New polio victim confirmed
2004-01-27 18:47
Geneva - The World Health Organisation confirmed on Tuesday the first case of polio since 2000 in the Central African Republic (CAR), taking the number of countries in Africa re-infected by the disease to seven - all imported from Nigeria.
The news underlines the urgency for the last six countries in the world where polio is endemic, including Nigeria where many people fear vaccination, to fulfill a pledge made earlier this month to beat the crippling illness this year under a plan to immunise 250 million children, the WHO said.
The United Nations' health body confirmed a child living about 200km North of Bangui, the capital city of CAR, caught polio on December 16 last year to become the first victim since July 2000.
"The virus detected is linked to viruses circulating in northern Nigeria ... where immunisation campaigns have been suspended since August," the WHO said in a statement.
Families in the Nigerian city of Kano, at the heart of the world's most dangerous polio outbreak, shunned the polio vaccine after Islamic preachers said it was laced with an anti-fertility agent designed to sterilise girls.
The WHO rejects the claim but some Muslim leaders have been whipping up opposition to what they have branded a Western plot to depopulate Africa.
As a result, polio was able to creep back across Nigeria and into previously polio-free Cameroon, Chad, and through Niger, into Benin, Burkina Faso, Ghana and Togo, putting 15 million children at risk, the WHO has said.
"What needs to happen is the northern Nigeria immunisation campaign needs to go ahead as urgently as possible," said WHO spokesperson Oliver Rosenbauer.

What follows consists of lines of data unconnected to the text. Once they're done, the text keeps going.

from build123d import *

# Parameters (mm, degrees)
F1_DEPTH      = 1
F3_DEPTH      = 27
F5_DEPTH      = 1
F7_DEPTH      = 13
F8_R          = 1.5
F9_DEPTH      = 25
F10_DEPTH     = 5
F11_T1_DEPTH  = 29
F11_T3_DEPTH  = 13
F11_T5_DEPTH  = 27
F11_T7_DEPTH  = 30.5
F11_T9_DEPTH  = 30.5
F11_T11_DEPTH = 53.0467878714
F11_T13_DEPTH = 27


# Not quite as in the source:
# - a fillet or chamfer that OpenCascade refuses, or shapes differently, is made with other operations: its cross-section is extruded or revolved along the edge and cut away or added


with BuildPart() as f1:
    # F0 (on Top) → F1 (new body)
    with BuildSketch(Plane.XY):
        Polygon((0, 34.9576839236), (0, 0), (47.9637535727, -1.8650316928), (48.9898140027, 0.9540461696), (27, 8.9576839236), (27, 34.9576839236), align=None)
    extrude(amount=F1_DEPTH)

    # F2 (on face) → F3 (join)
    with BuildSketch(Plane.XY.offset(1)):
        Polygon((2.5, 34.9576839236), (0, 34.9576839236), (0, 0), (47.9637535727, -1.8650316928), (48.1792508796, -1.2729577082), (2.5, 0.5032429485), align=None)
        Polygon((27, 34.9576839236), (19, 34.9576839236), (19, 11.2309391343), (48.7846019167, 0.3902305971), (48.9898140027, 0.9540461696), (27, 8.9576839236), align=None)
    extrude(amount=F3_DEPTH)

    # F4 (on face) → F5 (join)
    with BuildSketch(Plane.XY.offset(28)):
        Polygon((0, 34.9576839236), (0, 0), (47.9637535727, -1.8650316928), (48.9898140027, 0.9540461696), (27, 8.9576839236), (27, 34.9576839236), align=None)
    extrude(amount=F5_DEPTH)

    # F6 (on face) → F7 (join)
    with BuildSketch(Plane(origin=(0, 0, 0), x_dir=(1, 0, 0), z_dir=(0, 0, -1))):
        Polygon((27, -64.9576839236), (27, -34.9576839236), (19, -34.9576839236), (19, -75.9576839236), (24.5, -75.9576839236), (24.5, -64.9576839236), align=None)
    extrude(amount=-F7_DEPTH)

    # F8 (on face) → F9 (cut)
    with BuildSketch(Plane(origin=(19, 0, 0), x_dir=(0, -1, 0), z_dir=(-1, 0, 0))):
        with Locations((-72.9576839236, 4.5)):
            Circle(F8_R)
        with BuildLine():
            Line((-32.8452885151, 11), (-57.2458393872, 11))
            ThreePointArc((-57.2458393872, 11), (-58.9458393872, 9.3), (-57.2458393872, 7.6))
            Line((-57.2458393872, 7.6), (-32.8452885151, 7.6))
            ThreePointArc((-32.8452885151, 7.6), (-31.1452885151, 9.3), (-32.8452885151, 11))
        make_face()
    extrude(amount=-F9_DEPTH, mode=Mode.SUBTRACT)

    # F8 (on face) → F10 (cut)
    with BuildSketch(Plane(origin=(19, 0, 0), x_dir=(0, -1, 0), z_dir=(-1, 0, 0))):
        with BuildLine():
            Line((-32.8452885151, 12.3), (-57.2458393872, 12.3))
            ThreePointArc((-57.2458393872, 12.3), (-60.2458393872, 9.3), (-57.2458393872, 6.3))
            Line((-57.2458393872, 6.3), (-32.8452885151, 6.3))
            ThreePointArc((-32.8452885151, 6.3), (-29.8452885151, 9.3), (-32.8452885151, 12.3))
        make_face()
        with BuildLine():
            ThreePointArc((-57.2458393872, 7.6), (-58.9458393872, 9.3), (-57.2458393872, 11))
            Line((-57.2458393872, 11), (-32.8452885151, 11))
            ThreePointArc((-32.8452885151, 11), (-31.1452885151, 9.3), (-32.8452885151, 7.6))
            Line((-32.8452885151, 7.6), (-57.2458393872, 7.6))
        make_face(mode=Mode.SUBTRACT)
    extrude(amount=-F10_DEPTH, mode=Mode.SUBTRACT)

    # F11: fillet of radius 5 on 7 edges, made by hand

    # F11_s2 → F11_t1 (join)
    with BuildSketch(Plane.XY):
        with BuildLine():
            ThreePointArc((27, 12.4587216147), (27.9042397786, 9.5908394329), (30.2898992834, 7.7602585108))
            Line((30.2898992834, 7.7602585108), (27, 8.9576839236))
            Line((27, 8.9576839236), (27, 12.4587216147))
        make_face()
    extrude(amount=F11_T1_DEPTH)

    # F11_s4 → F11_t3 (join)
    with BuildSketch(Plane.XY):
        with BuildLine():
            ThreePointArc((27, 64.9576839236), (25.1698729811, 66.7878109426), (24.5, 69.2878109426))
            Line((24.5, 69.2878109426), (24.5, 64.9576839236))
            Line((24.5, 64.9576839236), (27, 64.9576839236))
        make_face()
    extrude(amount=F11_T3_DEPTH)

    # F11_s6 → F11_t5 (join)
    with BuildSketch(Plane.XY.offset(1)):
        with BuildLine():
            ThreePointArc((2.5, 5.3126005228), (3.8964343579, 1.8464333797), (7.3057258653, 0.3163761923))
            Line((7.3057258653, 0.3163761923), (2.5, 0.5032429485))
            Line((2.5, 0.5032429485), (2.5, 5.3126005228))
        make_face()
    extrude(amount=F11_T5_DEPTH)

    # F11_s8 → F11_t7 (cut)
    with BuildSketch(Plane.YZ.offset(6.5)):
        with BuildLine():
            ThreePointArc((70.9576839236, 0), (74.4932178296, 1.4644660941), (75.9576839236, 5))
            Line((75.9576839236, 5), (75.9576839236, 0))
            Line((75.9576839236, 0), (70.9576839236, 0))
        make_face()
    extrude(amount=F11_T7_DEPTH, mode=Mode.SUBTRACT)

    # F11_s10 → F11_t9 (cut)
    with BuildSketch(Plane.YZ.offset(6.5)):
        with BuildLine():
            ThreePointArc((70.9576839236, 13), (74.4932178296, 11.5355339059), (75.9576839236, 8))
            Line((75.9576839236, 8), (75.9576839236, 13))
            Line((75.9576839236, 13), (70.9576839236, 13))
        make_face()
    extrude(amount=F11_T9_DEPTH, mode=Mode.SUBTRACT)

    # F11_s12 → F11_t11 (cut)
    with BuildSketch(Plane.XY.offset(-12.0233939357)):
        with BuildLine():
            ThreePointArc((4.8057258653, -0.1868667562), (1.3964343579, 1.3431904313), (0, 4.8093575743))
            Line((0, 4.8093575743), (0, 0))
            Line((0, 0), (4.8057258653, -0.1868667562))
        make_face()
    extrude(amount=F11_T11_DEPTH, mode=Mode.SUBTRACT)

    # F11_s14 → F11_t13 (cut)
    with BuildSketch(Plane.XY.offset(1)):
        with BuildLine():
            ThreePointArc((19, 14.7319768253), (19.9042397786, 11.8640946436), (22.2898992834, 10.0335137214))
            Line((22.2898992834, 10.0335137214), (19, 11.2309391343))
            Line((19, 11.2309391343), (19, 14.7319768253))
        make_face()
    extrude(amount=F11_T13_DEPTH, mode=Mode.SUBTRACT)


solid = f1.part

Countries that had beaten the disease have stopped immunisation campaigns, leaving their children vulnerable to re-infection from Nigeria, he noted.
"The latest case underlines the vulnerability we have at the moment," Rosenbauer said. "It underlines the need to get the job finished as urgently as possible."
Following a meeting this month of health ministers in Geneva where the WHO is headquartered, Nigeria's President Olusegun Obasanjo vowed to overcome public suspicion and push forward with a polio immunisation drive.